The Sardar Mahadik family of Gwalior State are a Maratha family who once held noble rank. The family's roots lie with Yashwant Rao Mahadik, who accompanied Mahadji Scindia to Gwalior from the Deccan.

Lieutenant-Colonel Sardar Krishna Rao Mahadik

Lt. Col. Sardar Krishna Rao Mahadik was born on 12 June 1902 in Gwalior. He studied in Sardar school, now known as Scindia school, in Gwalior and then did his diploma course from Mayo College, Ajmer. After his return he was married to Gunwantabai Mahadik the younger sister of Maharani Gajraraje Scindia, wife of Madhav Rao Scindia (Senior) from the Rane family of Goa.

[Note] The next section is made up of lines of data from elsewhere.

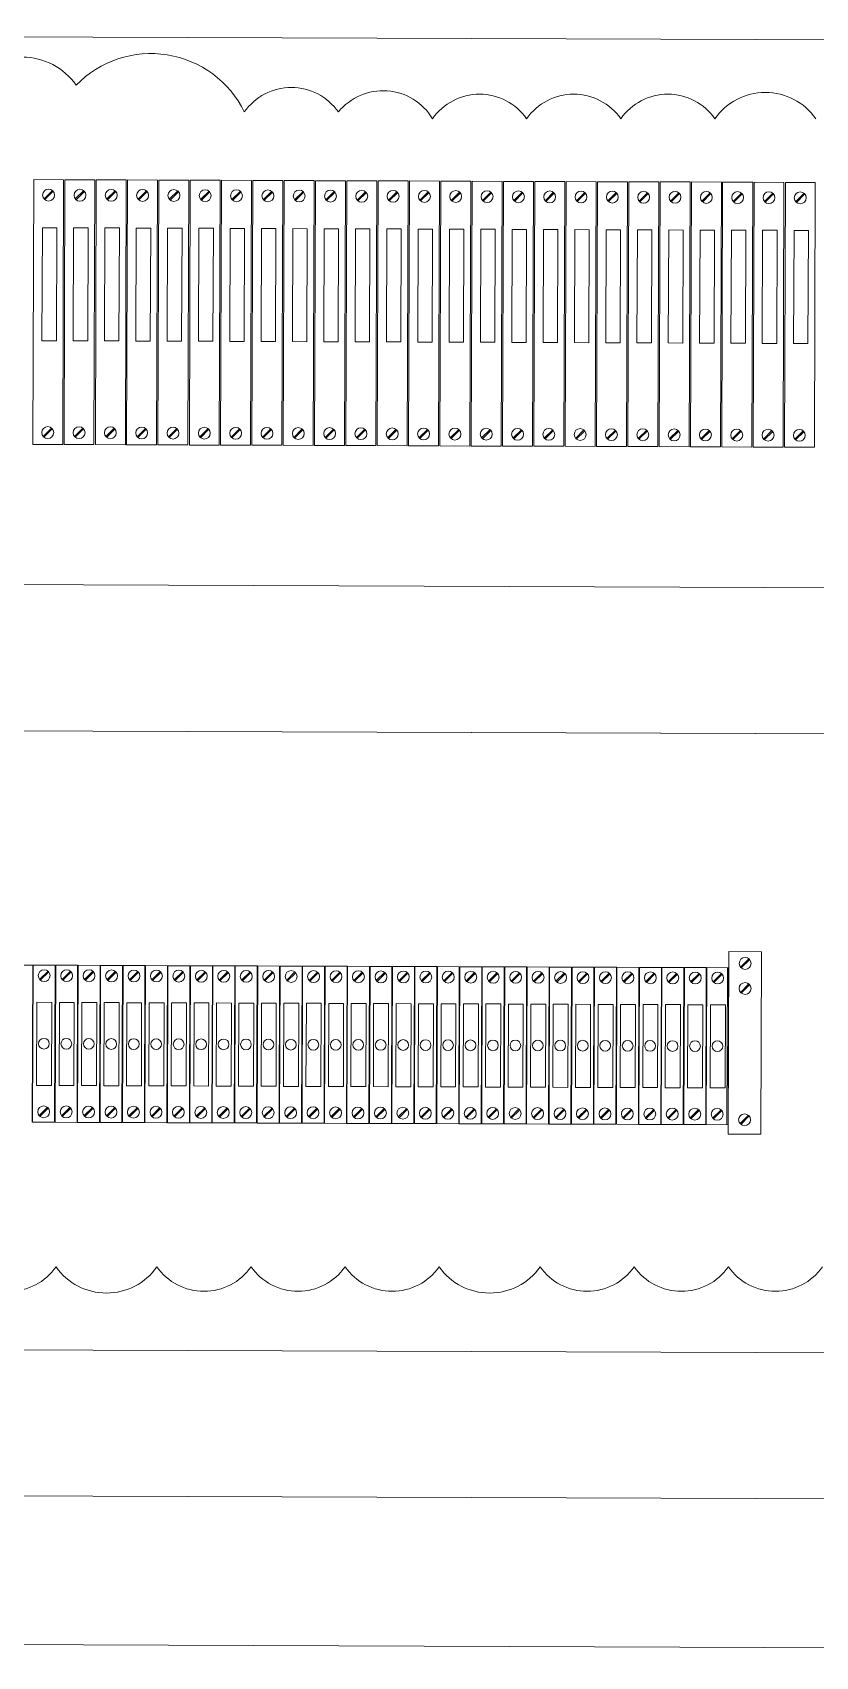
# Model space of a CAD drawing. Header units: millimetres. Extents: x 32721 to 103787, y 57624 to 127312.
# Drawn here: x 43082.6 to 43190.9, y 65146.8 to 65371.6 of the extents above; entities that cross this region are included whole.
import ezdxf

# ---------------------------------------------------------------- set-up
doc = ezdxf.new("R2010")
doc.units = ezdxf.units.MM
doc.header["$LTSCALE"] = 10
doc.layers.add('1轮廓实线层', color=7, linetype='Continuous', lineweight=18)

msp = doc.modelspace()

# ---------------------------------------------------------------- linework, layer by layer
at = {"layer": '1轮廓实线层'}
for p, q in [((43285.87, 65370.2), (42910.13, 65371.55)), ((42910.13, 65371.55), (43488.54, 65369.46)), ((43285.6, 65294.38), (42909.86, 65295.74)), ((43488.27, 65293.65), (42909.86, 65295.74)), ((43285.53, 65274.17), (42909.78, 65275.52)), ((42909.78, 65275.52), (43488.19, 65273.44)), ((43487.88, 65187.75), (42909.48, 65189.84)), ((43507.52, 65167.47), (42889.69, 65169.7)), ((42864.96, 65149.2), (43532.1, 65146.79))]:
    msp.add_line(p, q, dxfattribs=at)
at = {"layer": '1轮廓实线层', "lineweight": 13}
for p, q in [((43082.77, 65351.19), (43082.64, 65314.54)), ((43086.91, 65351.17), (43082.77, 65351.19)), ((43084.2, 65348.52), (43085.37, 65349.68)), ((43084.3, 65348.42), (43085.47, 65349.58)), ((43086.78, 65314.53), (43086.91, 65351.17)), ((43087.1, 65351.17), (43086.97, 65314.53)), ((43091.25, 65351.15), (43087.1, 65351.17)), ((43088.53, 65348.51), (43089.7, 65349.66)), ((43088.63, 65348.4), (43089.8, 65349.56)), ((43091.11, 65314.51), (43091.25, 65351.15)), ((43091.43, 65351.15), (43091.3, 65314.51)), ((43095.58, 65351.14), (43091.43, 65351.15)), ((43092.86, 65348.49), (43094.03, 65349.65)), ((43092.97, 65348.39), (43094.13, 65349.54)), ((43095.45, 65314.5), (43095.58, 65351.14)), ((43095.76, 65351.14), (43095.63, 65314.5)), ((43099.91, 65351.12), (43095.76, 65351.14)), ((43097.2, 65348.47), (43098.36, 65349.63)), ((43097.3, 65348.37), (43098.46, 65349.53)), ((43099.78, 65314.48), (43099.91, 65351.12)), ((43100.1, 65351.12), (43099.96, 65314.48)), ((43104.24, 65351.11), (43100.1, 65351.12)), ((43101.53, 65348.46), (43102.69, 65349.62)), ((43101.63, 65348.36), (43102.79, 65349.51)), ((43104.11, 65314.47), (43104.24, 65351.11)), ((43104.43, 65351.11), (43104.3, 65314.46)), ((43108.57, 65351.09), (43104.43, 65351.11)), ((43105.86, 65348.44), (43107.02, 65349.6)), ((43105.96, 65348.34), (43107.13, 65349.5)), ((43108.44, 65314.45), (43108.57, 65351.09)), ((43108.76, 65351.09), (43108.63, 65314.45)), ((43112.9, 65351.08), (43108.76, 65351.09)), ((43110.19, 65348.43), (43111.36, 65349.58)), ((43110.29, 65348.32), (43111.46, 65349.48)), ((43112.77, 65314.43), (43112.9, 65351.08)), ((43113.09, 65351.08), (43112.96, 65314.43)), ((43117.24, 65351.06), (43113.09, 65351.08)), ((43114.52, 65348.41), (43115.69, 65349.57)), ((43114.62, 65348.31), (43115.79, 65349.47)), ((43117.1, 65314.42), (43117.24, 65351.06)), ((43117.42, 65351.06), (43117.29, 65314.42)), ((43121.57, 65351.05), (43117.42, 65351.06)), ((43118.85, 65348.4), (43120.02, 65349.55)), ((43118.96, 65348.29), (43120.12, 65349.45)), ((43121.43, 65314.4), (43121.57, 65351.05)), ((43121.75, 65351.04), (43121.62, 65314.4)), ((43125.9, 65351.03), (43121.75, 65351.04)), ((43123.19, 65348.38), (43124.35, 65349.54)), ((43125.77, 65314.39), (43125.9, 65351.03)), ((43126.09, 65351.03), (43125.95, 65314.39)), ((43130.23, 65351.01), (43126.09, 65351.03)), ((43127.52, 65348.36), (43128.68, 65349.52)), ((43130.1, 65314.37), (43130.23, 65351.01)), ((43130.42, 65351.01), (43130.29, 65314.37)), ((43134.56, 65351), (43130.42, 65351.01)), ((43131.85, 65348.35), (43133.01, 65349.51)), ((43134.43, 65314.36), (43134.56, 65351)), ((43134.75, 65351), (43134.62, 65314.36)), ((43138.89, 65350.98), (43134.75, 65351)), ((43136.18, 65348.33), (43137.35, 65349.49)), ((43138.76, 65314.34), (43138.89, 65350.98)), ((43139.08, 65350.98), (43138.95, 65314.34)), ((43143.22, 65350.97), (43139.08, 65350.98)), ((43140.51, 65348.32), (43141.68, 65349.47)), ((43143.09, 65314.32), (43143.22, 65350.97)), ((43143.41, 65350.97), (43143.28, 65314.32)), ((43147.56, 65350.95), (43143.41, 65350.97)), ((43144.84, 65348.3), (43146.01, 65349.46)), ((43147.42, 65314.31), (43147.56, 65350.95)), ((43147.74, 65350.95), (43147.61, 65314.31)), ((43151.89, 65350.94), (43147.74, 65350.95)), ((43149.17, 65348.29), (43150.34, 65349.44)), ((43151.76, 65314.29), (43151.89, 65350.94)), ((43152.08, 65350.94), (43151.94, 65314.29)), ((43156.22, 65350.92), (43152.08, 65350.94)), ((43156.09, 65314.28), (43156.22, 65350.92)), ((43156.41, 65350.92), (43156.27, 65314.28)), ((43160.55, 65350.9), (43156.41, 65350.92)), ((43160.42, 65314.26), (43160.55, 65350.9)), ((43160.74, 65350.9), (43160.61, 65314.26)), ((43164.88, 65350.89), (43160.74, 65350.9)), ((43164.75, 65314.25), (43164.88, 65350.89)), ((43165.07, 65350.89), (43164.94, 65314.25)), ((43169.21, 65350.87), (43165.07, 65350.89)), ((43169.08, 65314.23), (43169.21, 65350.87)), ((43169.4, 65350.87), (43169.27, 65314.23)), ((43173.55, 65350.86), (43169.4, 65350.87)), ((43173.41, 65314.22), (43173.55, 65350.86)), ((43173.73, 65350.86), (43173.6, 65314.21)), ((43177.88, 65350.84), (43173.73, 65350.86)), ((43177.75, 65314.2), (43177.88, 65350.84)), ((43178.06, 65350.84), (43177.93, 65314.2)), ((43182.21, 65350.83), (43178.06, 65350.84)), ((43182.08, 65314.18), (43182.21, 65350.83)), ((43182.4, 65350.83), (43182.26, 65314.18)), ((43186.54, 65350.81), (43182.4, 65350.83)), ((43186.41, 65314.17), (43186.54, 65350.81)), ((43186.73, 65350.81), (43186.6, 65314.17)), ((43190.87, 65350.79), (43186.73, 65350.81)), ((43190.74, 65314.15), (43190.87, 65350.79)), ((43123.29, 65348.28), (43124.45, 65349.44)), ((43127.62, 65348.26), (43128.78, 65349.42)), ((43131.95, 65348.25), (43133.12, 65349.4)), ((43136.28, 65348.23), (43137.45, 65349.39)), ((43140.61, 65348.22), (43141.78, 65349.37)), ((43144.94, 65348.2), (43146.11, 65349.36)), ((43149.28, 65348.18), (43150.44, 65349.34)), ((43153.51, 65348.27), (43154.67, 65349.43)), ((43153.61, 65348.17), (43154.77, 65349.33)), ((43157.84, 65348.26), (43159, 65349.41)), ((43157.94, 65348.15), (43159.11, 65349.31)), ((43162.17, 65348.24), (43163.34, 65349.4)), ((43162.27, 65348.14), (43163.44, 65349.29)), ((43166.5, 65348.22), (43167.67, 65349.38)), ((43166.6, 65348.12), (43167.77, 65349.28)), ((43170.83, 65348.21), (43172, 65349.37)), ((43170.93, 65348.11), (43172.1, 65349.26)), ((43175.16, 65348.19), (43176.33, 65349.35)), ((43175.27, 65348.09), (43176.43, 65349.25)), ((43179.5, 65348.18), (43180.66, 65349.33)), ((43179.6, 65348.07), (43180.76, 65349.23)), ((43183.83, 65348.16), (43184.99, 65349.32)), ((43183.93, 65348.06), (43185.09, 65349.22)), ((43188.16, 65348.15), (43189.32, 65349.3)), ((43188.26, 65348.04), (43189.43, 65349.2)), ((43084.08, 65315.65), (43085.25, 65316.81)), ((43084.18, 65315.55), (43085.35, 65316.7)), ((43088.41, 65315.63), (43089.58, 65316.79)), ((43088.52, 65315.53), (43089.68, 65316.69)), ((43092.75, 65315.62), (43093.91, 65316.77)), ((43092.85, 65315.52), (43094.01, 65316.67)), ((43097.08, 65315.6), (43098.24, 65316.76)), ((43097.18, 65315.5), (43098.34, 65316.66)), ((43101.41, 65315.59), (43102.57, 65316.74)), ((43101.51, 65315.48), (43102.68, 65316.64)), ((43105.74, 65315.57), (43106.91, 65316.73)), ((43105.84, 65315.47), (43107.01, 65316.63)), ((43110.07, 65315.55), (43111.24, 65316.71)), ((43110.17, 65315.45), (43111.34, 65316.61)), ((43114.4, 65315.54), (43115.57, 65316.7)), ((43114.5, 65315.44), (43115.67, 65316.59)), ((43118.73, 65315.52), (43119.9, 65316.68)), ((43118.84, 65315.42), (43120, 65316.58)), ((43123.07, 65315.51), (43124.23, 65316.67)), ((43123.17, 65315.41), (43124.33, 65316.56)), ((43127.4, 65315.49), (43128.56, 65316.65)), ((43127.5, 65315.39), (43128.67, 65316.55)), ((43131.73, 65315.48), (43132.9, 65316.63)), ((43131.83, 65315.37), (43133, 65316.53)), ((43136.06, 65315.46), (43137.23, 65316.62)), ((43136.16, 65315.36), (43137.33, 65316.52)), ((43140.39, 65315.45), (43141.56, 65316.6)), ((43140.49, 65315.34), (43141.66, 65316.5)), ((43144.72, 65315.43), (43145.89, 65316.59)), ((43144.83, 65315.33), (43145.99, 65316.48)), ((43149.06, 65315.41), (43150.22, 65316.57)), ((43149.16, 65315.31), (43150.32, 65316.47)), ((43153.39, 65315.4), (43154.55, 65316.56)), ((43153.49, 65315.3), (43154.65, 65316.45)), ((43157.72, 65315.38), (43158.88, 65316.54)), ((43157.82, 65315.28), (43158.99, 65316.44)), ((43162.05, 65315.37), (43163.22, 65316.52)), ((43162.15, 65315.26), (43163.32, 65316.42)), ((43166.38, 65315.35), (43167.55, 65316.51)), ((43166.48, 65315.25), (43167.65, 65316.41)), ((43170.71, 65315.34), (43171.88, 65316.49)), ((43170.82, 65315.23), (43171.98, 65316.39)), ((43175.05, 65315.32), (43176.21, 65316.48)), ((43175.15, 65315.22), (43176.31, 65316.38)), ((43179.38, 65315.3), (43180.54, 65316.46)), ((43179.48, 65315.2), (43180.64, 65316.36)), ((43183.71, 65315.29), (43184.87, 65316.45)), ((43183.81, 65315.19), (43184.98, 65316.34)), ((43188.04, 65315.27), (43189.21, 65316.43)), ((43188.14, 65315.17), (43189.31, 65316.33)), ((43082.64, 65314.54), (43086.78, 65314.53)), ((43086.97, 65314.53), (43091.11, 65314.51)), ((43091.3, 65314.51), (43095.45, 65314.5)), ((43095.63, 65314.5), (43099.78, 65314.48)), ((43099.96, 65314.48), (43104.11, 65314.47)), ((43104.3, 65314.46), (43108.44, 65314.45)), ((43108.63, 65314.45), (43112.77, 65314.43)), ((43112.96, 65314.43), (43117.1, 65314.42)), ((43117.29, 65314.42), (43121.43, 65314.4)), ((43121.62, 65314.4), (43125.77, 65314.39)), ((43125.95, 65314.39), (43130.1, 65314.37)), ((43130.29, 65314.37), (43134.43, 65314.36)), ((43134.62, 65314.36), (43138.76, 65314.34)), ((43138.95, 65314.34), (43143.09, 65314.32)), ((43143.28, 65314.32), (43147.42, 65314.31)), ((43147.61, 65314.31), (43151.76, 65314.29)), ((43151.94, 65314.29), (43156.09, 65314.28)), ((43156.27, 65314.28), (43160.42, 65314.26)), ((43160.61, 65314.26), (43164.75, 65314.25)), ((43164.94, 65314.25), (43169.08, 65314.23)), ((43169.27, 65314.23), (43173.41, 65314.22)), ((43173.6, 65314.21), (43177.75, 65314.2)), ((43177.93, 65314.2), (43182.08, 65314.18)), ((43182.26, 65314.18), (43186.41, 65314.17)), ((43186.6, 65314.17), (43190.74, 65314.15)), ((43178.81, 65219.07), (43178.9, 65244.34)), ((43178.9, 65244.34), (43183.45, 65244.33)), ((43183.45, 65244.33), (43183.36, 65219.06)), ((43079.61, 65242.48), (43082.64, 65242.47)), ((43082.64, 65242.47), (43082.56, 65220.74)), ((43082.63, 65220.74), (43082.71, 65242.47)), ((43082.71, 65242.47), (43085.74, 65242.46)), ((43083.59, 65240.49), (43084.76, 65241.65)), ((43085.74, 65242.46), (43085.67, 65220.73)), ((43085.74, 65220.73), (43085.82, 65242.46)), ((43085.82, 65242.46), (43088.85, 65242.45)), ((43086.69, 65240.48), (43087.86, 65241.64)), ((43088.85, 65242.45), (43088.77, 65220.71)), ((43088.84, 65220.71), (43088.92, 65242.45)), ((43088.92, 65242.45), (43091.95, 65242.44)), ((43089.8, 65240.47), (43090.97, 65241.63)), ((43091.95, 65242.44), (43091.88, 65220.7)), ((43091.95, 65220.7), (43092.03, 65242.44)), ((43092.03, 65242.44), (43095.06, 65242.43)), ((43092.9, 65240.46), (43094.07, 65241.62)), ((43095.06, 65242.43), (43094.98, 65220.69)), ((43095.05, 65220.69), (43095.13, 65242.42)), ((43095.13, 65242.42), (43098.16, 65242.41)), ((43096.01, 65240.45), (43097.18, 65241.61)), ((43098.16, 65242.41), (43098.09, 65220.68)), ((43098.16, 65220.68), (43098.24, 65242.41)), ((43098.24, 65242.41), (43101.27, 65242.4)), ((43099.11, 65240.44), (43100.28, 65241.6)), ((43101.27, 65242.4), (43101.19, 65220.67)), ((43101.26, 65220.67), (43101.34, 65242.4)), ((43101.34, 65242.4), (43104.37, 65242.39)), ((43102.22, 65240.43), (43103.39, 65241.58)), ((43104.37, 65242.39), (43104.3, 65220.66)), ((43104.37, 65220.66), (43104.45, 65242.39)), ((43104.45, 65242.39), (43107.48, 65242.38)), ((43105.32, 65240.42), (43106.49, 65241.57)), ((43107.48, 65242.38), (43107.4, 65220.65)), ((43107.47, 65220.65), (43107.55, 65242.38)), ((43107.55, 65242.38), (43110.58, 65242.37)), ((43108.43, 65240.41), (43109.6, 65241.56)), ((43110.58, 65242.37), (43110.51, 65220.64)), ((43110.58, 65220.64), (43110.66, 65242.37)), ((43110.66, 65242.37), (43113.69, 65242.36)), ((43113.69, 65242.36), (43113.61, 65220.63)), ((43113.68, 65220.62), (43113.76, 65242.36)), ((43113.76, 65242.36), (43116.79, 65242.35)), ((43116.79, 65242.35), (43116.72, 65220.61)), ((43116.79, 65220.61), (43116.87, 65242.35)), ((43116.79, 65220.61), (43116.87, 65242.35)), ((43116.87, 65242.35), (43119.9, 65242.34)), ((43119.9, 65242.34), (43119.82, 65220.6)), ((43119.89, 65220.6), (43119.97, 65242.34)), ((43119.97, 65242.34), (43123, 65242.32)), ((43123, 65242.32), (43122.93, 65220.59)), ((43123, 65220.59), (43123.08, 65242.32)), ((43123.08, 65242.32), (43126.11, 65242.31)), ((43126.11, 65242.31), (43126.03, 65220.58)), ((43126.1, 65220.58), (43126.18, 65242.31)), ((43126.18, 65242.31), (43129.21, 65242.3)), ((43129.21, 65242.3), (43129.14, 65220.57)), ((43129.21, 65220.57), (43129.29, 65242.3)), ((43129.29, 65242.3), (43132.32, 65242.29)), ((43132.32, 65242.29), (43132.24, 65220.56)), ((43132.31, 65220.56), (43132.39, 65242.29)), ((43132.39, 65242.29), (43135.42, 65242.28)), ((43135.42, 65242.28), (43135.35, 65220.55)), ((43135.42, 65220.55), (43135.5, 65242.28)), ((43135.5, 65242.28), (43138.53, 65242.27)), ((43138.53, 65242.27), (43138.45, 65220.54)), ((43138.52, 65220.54), (43138.6, 65242.27)), ((43138.6, 65242.27), (43141.63, 65242.26)), ((43141.63, 65242.26), (43141.56, 65220.52)), ((43141.63, 65220.52), (43141.71, 65242.26)), ((43141.71, 65242.26), (43144.74, 65242.25)), ((43144.74, 65242.25), (43144.66, 65220.51)), ((43144.73, 65220.51), (43144.81, 65242.25)), ((43144.81, 65242.25), (43147.84, 65242.23)), ((43147.84, 65242.23), (43147.77, 65220.5)), ((43147.84, 65220.5), (43147.92, 65242.23)), ((43147.92, 65242.23), (43150.95, 65242.22)), ((43150.95, 65242.22), (43150.87, 65220.49)), ((43150.94, 65220.49), (43151.02, 65242.22)), ((43151.02, 65242.22), (43154.05, 65242.21)), ((43154.05, 65242.21), (43153.98, 65220.48)), ((43154.05, 65220.48), (43154.13, 65242.21)), ((43154.13, 65242.21), (43157.16, 65242.2)), ((43157.16, 65242.2), (43157.08, 65220.47)), ((43157.15, 65220.47), (43157.23, 65242.2)), ((43157.23, 65242.2), (43160.26, 65242.19)), ((43160.26, 65242.19), (43160.19, 65220.46)), ((43160.26, 65220.46), (43160.34, 65242.19)), ((43160.34, 65242.19), (43163.37, 65242.18)), ((43163.37, 65242.18), (43163.29, 65220.45)), ((43163.36, 65220.45), (43163.44, 65242.18)), ((43163.44, 65242.18), (43166.47, 65242.17)), ((43166.47, 65242.17), (43166.4, 65220.43)), ((43166.47, 65220.43), (43166.55, 65242.17)), ((43166.55, 65242.17), (43169.58, 65242.16)), ((43169.58, 65242.16), (43169.5, 65220.42)), ((43169.57, 65220.42), (43169.65, 65242.16)), ((43169.65, 65242.16), (43172.68, 65242.14)), ((43172.68, 65242.14), (43172.61, 65220.41)), ((43172.68, 65220.41), (43172.76, 65242.14)), ((43172.76, 65242.14), (43175.79, 65242.13)), ((43175.79, 65242.13), (43175.71, 65220.4)), ((43175.78, 65220.4), (43175.86, 65242.13)), ((43175.86, 65242.13), (43178.89, 65242.12)), ((43178.65, 65220.39), (43178.73, 65242.12)), ((43178.89, 65242.12), (43178.82, 65220.39)), ((43180.54, 65242.18), (43181.7, 65243.34)), ((43180.64, 65242.08), (43181.8, 65243.24)), ((43083.69, 65240.39), (43084.86, 65241.55)), ((43086.8, 65240.38), (43087.96, 65241.54)), ((43089.9, 65240.37), (43091.07, 65241.53)), ((43093.01, 65240.36), (43094.17, 65241.52)), ((43096.11, 65240.35), (43097.28, 65241.51)), ((43099.22, 65240.34), (43100.38, 65241.49)), ((43102.32, 65240.33), (43103.49, 65241.48)), ((43105.43, 65240.31), (43106.59, 65241.47)), ((43108.53, 65240.3), (43109.7, 65241.46)), ((43111.53, 65240.39), (43112.7, 65241.55)), ((43111.64, 65240.29), (43112.8, 65241.45)), ((43114.64, 65240.38), (43115.81, 65241.54)), ((43114.74, 65240.28), (43115.91, 65241.44)), ((43117.74, 65240.37), (43118.91, 65241.53)), ((43117.85, 65240.27), (43119.01, 65241.43)), ((43120.85, 65240.36), (43122.02, 65241.52)), ((43120.95, 65240.26), (43122.12, 65241.42)), ((43123.95, 65240.35), (43125.12, 65241.51)), ((43124.06, 65240.25), (43125.22, 65241.4)), ((43127.06, 65240.34), (43128.22, 65241.5)), ((43127.16, 65240.24), (43128.33, 65241.39)), ((43130.16, 65240.33), (43131.33, 65241.48)), ((43130.27, 65240.22), (43131.43, 65241.38)), ((43133.27, 65240.32), (43134.43, 65241.47)), ((43133.37, 65240.21), (43134.54, 65241.37)), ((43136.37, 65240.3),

His first assignment was as Collector of Guna in Gwalior state. He then became the General Manager of Gwalior power house and was subsequently commissioned as a Lieutenant-Colonel in artillery section of the Gwalior and British army. Later on he became Commerce, Industries and communication minister of Gwalior State at the time of Maharaja Jivaji Rao Scindia during merger of Gwalior state into the union of India. He was finance minister and went to America for negotiation with the President and took part in the princely conference representing Maharaja Gwalior during the merger.

As a minister of Gwalior state he wrote a book titled Economic Planning for Gwalior. In his old age he was involved in a court case involving a land dispute in Poona. He died in 1967 before the case was resolved, leaving five daughters and a son, Sadashiv Rao Mahadik.